-------- EXERCISE INPUTS
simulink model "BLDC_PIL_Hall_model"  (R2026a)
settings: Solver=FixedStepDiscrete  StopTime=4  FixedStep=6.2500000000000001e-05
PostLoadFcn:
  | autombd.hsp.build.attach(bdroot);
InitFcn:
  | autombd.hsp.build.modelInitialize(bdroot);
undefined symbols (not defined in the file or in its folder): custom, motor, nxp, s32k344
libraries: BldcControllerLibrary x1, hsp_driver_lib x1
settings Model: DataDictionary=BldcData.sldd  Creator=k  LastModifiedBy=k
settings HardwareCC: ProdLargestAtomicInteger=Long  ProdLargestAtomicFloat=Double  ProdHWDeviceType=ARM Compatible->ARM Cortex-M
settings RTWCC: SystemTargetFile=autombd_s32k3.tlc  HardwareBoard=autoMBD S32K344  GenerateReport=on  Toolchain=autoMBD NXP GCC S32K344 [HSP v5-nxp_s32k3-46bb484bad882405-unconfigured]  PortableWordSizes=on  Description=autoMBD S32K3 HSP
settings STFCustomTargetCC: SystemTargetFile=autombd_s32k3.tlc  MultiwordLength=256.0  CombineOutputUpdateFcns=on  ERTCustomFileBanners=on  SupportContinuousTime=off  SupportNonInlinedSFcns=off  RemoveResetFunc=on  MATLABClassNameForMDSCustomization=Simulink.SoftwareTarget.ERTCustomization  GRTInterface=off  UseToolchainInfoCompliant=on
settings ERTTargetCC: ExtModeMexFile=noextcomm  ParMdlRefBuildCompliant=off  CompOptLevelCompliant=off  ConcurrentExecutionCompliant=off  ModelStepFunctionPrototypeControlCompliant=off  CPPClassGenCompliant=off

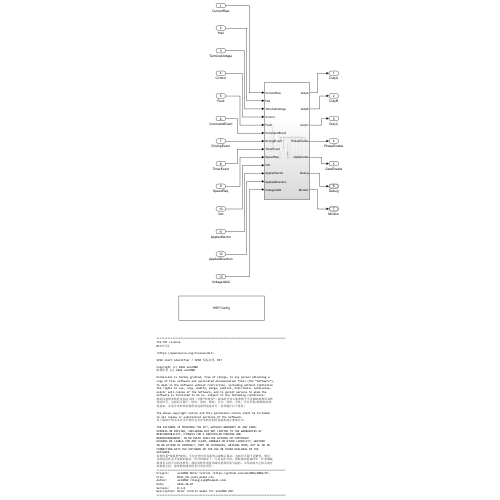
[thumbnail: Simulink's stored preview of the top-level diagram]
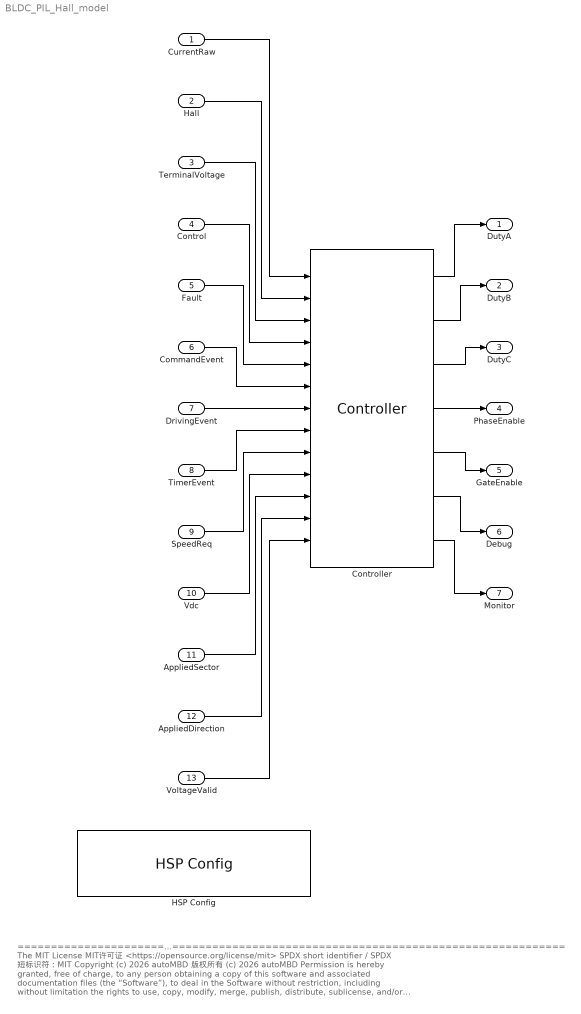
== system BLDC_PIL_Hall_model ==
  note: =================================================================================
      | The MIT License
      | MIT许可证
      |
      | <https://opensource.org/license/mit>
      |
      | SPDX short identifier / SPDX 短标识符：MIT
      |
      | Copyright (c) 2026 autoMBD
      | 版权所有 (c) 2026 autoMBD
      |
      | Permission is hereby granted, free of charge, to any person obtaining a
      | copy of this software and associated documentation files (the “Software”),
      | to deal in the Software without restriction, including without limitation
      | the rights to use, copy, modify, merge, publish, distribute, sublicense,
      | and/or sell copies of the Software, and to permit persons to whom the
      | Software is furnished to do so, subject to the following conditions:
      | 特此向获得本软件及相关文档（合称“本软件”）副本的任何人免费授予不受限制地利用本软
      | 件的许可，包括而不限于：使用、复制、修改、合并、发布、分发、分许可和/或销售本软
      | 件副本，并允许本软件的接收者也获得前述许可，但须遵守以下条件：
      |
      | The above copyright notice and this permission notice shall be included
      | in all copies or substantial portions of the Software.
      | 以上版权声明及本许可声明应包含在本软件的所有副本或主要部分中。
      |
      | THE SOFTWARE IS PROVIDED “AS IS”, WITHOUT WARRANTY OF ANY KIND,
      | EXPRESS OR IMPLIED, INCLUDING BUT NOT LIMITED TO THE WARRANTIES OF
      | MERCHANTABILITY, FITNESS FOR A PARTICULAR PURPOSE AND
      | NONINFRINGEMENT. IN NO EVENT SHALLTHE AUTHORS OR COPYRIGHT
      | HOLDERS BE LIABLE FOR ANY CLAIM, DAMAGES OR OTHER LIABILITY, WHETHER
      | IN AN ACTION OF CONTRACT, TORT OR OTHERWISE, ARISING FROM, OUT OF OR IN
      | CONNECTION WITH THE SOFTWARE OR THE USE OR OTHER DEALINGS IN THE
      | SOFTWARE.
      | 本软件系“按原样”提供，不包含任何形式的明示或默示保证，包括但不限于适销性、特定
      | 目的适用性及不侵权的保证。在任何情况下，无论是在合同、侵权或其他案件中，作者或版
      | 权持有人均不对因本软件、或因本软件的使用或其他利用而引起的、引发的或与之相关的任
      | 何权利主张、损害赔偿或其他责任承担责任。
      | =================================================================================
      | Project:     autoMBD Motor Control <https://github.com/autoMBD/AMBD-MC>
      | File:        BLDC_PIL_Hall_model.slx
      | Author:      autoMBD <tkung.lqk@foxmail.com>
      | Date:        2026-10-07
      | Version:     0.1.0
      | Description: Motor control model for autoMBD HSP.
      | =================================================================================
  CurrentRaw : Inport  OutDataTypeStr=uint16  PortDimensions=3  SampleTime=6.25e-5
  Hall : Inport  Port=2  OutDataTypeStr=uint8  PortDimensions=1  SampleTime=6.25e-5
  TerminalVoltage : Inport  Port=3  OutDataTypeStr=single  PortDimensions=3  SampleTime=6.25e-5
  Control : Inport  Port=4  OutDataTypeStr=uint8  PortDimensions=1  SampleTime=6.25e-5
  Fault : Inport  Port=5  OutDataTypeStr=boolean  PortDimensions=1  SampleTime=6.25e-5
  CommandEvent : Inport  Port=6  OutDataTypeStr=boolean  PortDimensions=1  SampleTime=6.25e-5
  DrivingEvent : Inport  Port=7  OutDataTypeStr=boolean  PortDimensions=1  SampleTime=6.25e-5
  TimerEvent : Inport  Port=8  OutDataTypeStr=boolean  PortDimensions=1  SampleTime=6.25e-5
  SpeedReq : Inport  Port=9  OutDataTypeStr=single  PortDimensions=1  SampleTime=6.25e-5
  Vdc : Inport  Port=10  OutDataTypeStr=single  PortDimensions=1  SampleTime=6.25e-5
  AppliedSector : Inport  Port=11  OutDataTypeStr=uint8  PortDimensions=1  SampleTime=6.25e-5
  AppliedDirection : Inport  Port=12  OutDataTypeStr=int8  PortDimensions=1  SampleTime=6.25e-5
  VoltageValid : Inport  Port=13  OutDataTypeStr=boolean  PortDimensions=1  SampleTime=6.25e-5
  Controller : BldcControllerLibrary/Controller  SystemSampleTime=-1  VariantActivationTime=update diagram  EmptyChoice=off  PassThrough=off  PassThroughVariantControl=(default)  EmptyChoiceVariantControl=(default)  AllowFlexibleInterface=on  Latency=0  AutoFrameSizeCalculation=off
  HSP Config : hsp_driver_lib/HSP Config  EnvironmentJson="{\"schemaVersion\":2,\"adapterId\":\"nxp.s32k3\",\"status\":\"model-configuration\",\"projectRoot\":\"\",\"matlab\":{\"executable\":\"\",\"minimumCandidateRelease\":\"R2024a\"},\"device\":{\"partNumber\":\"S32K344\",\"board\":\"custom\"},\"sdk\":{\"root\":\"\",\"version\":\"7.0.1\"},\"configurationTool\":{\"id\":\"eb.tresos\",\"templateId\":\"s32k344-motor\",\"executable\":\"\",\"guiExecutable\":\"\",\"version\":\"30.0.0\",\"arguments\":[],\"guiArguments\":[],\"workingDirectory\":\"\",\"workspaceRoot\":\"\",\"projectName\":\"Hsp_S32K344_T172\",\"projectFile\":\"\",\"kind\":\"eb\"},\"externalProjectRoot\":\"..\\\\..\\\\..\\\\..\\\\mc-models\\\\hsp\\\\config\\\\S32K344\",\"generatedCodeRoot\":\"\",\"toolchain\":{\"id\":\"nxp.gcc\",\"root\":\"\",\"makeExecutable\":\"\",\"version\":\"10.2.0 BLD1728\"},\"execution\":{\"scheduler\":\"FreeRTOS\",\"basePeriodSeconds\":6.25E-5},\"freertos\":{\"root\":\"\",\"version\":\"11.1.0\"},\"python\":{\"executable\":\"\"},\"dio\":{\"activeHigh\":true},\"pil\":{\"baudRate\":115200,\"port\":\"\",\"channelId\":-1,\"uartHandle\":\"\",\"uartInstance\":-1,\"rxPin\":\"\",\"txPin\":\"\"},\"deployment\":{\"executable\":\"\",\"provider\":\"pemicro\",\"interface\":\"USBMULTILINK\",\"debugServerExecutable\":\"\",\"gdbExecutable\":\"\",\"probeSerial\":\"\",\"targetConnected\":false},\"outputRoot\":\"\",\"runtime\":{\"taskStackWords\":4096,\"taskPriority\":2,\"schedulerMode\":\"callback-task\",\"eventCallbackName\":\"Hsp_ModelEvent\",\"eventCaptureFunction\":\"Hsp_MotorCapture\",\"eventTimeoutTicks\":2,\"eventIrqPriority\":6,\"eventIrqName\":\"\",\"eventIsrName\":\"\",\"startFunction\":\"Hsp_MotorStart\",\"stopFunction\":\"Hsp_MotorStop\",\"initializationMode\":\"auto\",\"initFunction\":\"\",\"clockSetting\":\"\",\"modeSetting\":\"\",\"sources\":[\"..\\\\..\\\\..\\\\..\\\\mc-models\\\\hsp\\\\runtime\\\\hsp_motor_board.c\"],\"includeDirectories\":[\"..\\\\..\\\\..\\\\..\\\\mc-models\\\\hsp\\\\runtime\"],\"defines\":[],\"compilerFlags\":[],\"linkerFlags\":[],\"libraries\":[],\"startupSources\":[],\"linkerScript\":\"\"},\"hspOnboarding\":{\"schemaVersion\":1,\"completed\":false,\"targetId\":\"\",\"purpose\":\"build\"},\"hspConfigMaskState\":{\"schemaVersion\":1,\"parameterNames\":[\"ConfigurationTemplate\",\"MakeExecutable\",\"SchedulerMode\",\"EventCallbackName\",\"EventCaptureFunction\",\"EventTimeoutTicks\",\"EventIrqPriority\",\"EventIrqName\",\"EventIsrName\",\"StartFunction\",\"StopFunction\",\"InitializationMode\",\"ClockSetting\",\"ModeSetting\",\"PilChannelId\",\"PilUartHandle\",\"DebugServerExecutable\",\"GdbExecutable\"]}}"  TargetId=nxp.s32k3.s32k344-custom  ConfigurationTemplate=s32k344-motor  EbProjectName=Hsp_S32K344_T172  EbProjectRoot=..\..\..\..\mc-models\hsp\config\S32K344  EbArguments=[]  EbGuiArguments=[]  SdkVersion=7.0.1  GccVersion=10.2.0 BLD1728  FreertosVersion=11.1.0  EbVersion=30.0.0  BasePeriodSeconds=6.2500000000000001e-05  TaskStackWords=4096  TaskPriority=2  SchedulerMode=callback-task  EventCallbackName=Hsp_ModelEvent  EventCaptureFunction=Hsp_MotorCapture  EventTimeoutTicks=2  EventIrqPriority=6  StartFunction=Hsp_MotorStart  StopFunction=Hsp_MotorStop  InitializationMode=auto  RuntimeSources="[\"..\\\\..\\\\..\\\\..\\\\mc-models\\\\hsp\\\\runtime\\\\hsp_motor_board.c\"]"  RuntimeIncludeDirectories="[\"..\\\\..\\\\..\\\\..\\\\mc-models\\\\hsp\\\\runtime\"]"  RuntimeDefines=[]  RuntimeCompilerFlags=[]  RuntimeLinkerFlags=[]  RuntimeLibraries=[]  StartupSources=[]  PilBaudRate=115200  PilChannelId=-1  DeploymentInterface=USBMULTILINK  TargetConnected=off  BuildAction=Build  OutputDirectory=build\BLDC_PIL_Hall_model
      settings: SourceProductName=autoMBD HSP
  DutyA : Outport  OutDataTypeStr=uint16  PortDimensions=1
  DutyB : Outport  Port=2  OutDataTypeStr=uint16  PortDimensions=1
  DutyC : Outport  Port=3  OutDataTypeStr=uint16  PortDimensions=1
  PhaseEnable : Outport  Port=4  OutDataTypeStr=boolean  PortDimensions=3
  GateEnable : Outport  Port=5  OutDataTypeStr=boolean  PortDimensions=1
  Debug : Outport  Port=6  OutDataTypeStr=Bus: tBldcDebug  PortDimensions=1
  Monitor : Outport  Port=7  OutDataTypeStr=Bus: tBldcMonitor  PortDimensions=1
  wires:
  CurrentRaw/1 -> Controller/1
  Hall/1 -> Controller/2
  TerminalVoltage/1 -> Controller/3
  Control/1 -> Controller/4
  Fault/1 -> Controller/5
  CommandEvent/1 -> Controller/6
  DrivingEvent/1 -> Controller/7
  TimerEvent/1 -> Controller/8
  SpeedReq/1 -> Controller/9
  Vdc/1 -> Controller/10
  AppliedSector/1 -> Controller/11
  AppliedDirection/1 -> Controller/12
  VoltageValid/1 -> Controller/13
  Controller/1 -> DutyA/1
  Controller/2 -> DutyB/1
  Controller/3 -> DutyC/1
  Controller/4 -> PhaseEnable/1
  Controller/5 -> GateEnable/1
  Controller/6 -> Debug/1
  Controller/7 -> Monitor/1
----------------
Starting from the line containing "Hall/1 -> Controller/2" and ending with the final line of the data, reproduce each line exactly as it appears, including no other lines.

  Hall/1 -> Controller/2
  TerminalVoltage/1 -> Controller/3
  Control/1 -> Controller/4
  Fault/1 -> Controller/5
  CommandEvent/1 -> Controller/6
  DrivingEvent/1 -> Controller/7
  TimerEvent/1 -> Controller/8
  SpeedReq/1 -> Controller/9
  Vdc/1 -> Controller/10
  AppliedSector/1 -> Controller/11
  AppliedDirection/1 -> Controller/12
  VoltageValid/1 -> Controller/13
  Controller/1 -> DutyA/1
  Controller/2 -> DutyB/1
  Controller/3 -> DutyC/1
  Controller/4 -> PhaseEnable/1
  Controller/5 -> GateEnable/1
  Controller/6 -> Debug/1
  Controller/7 -> Monitor/1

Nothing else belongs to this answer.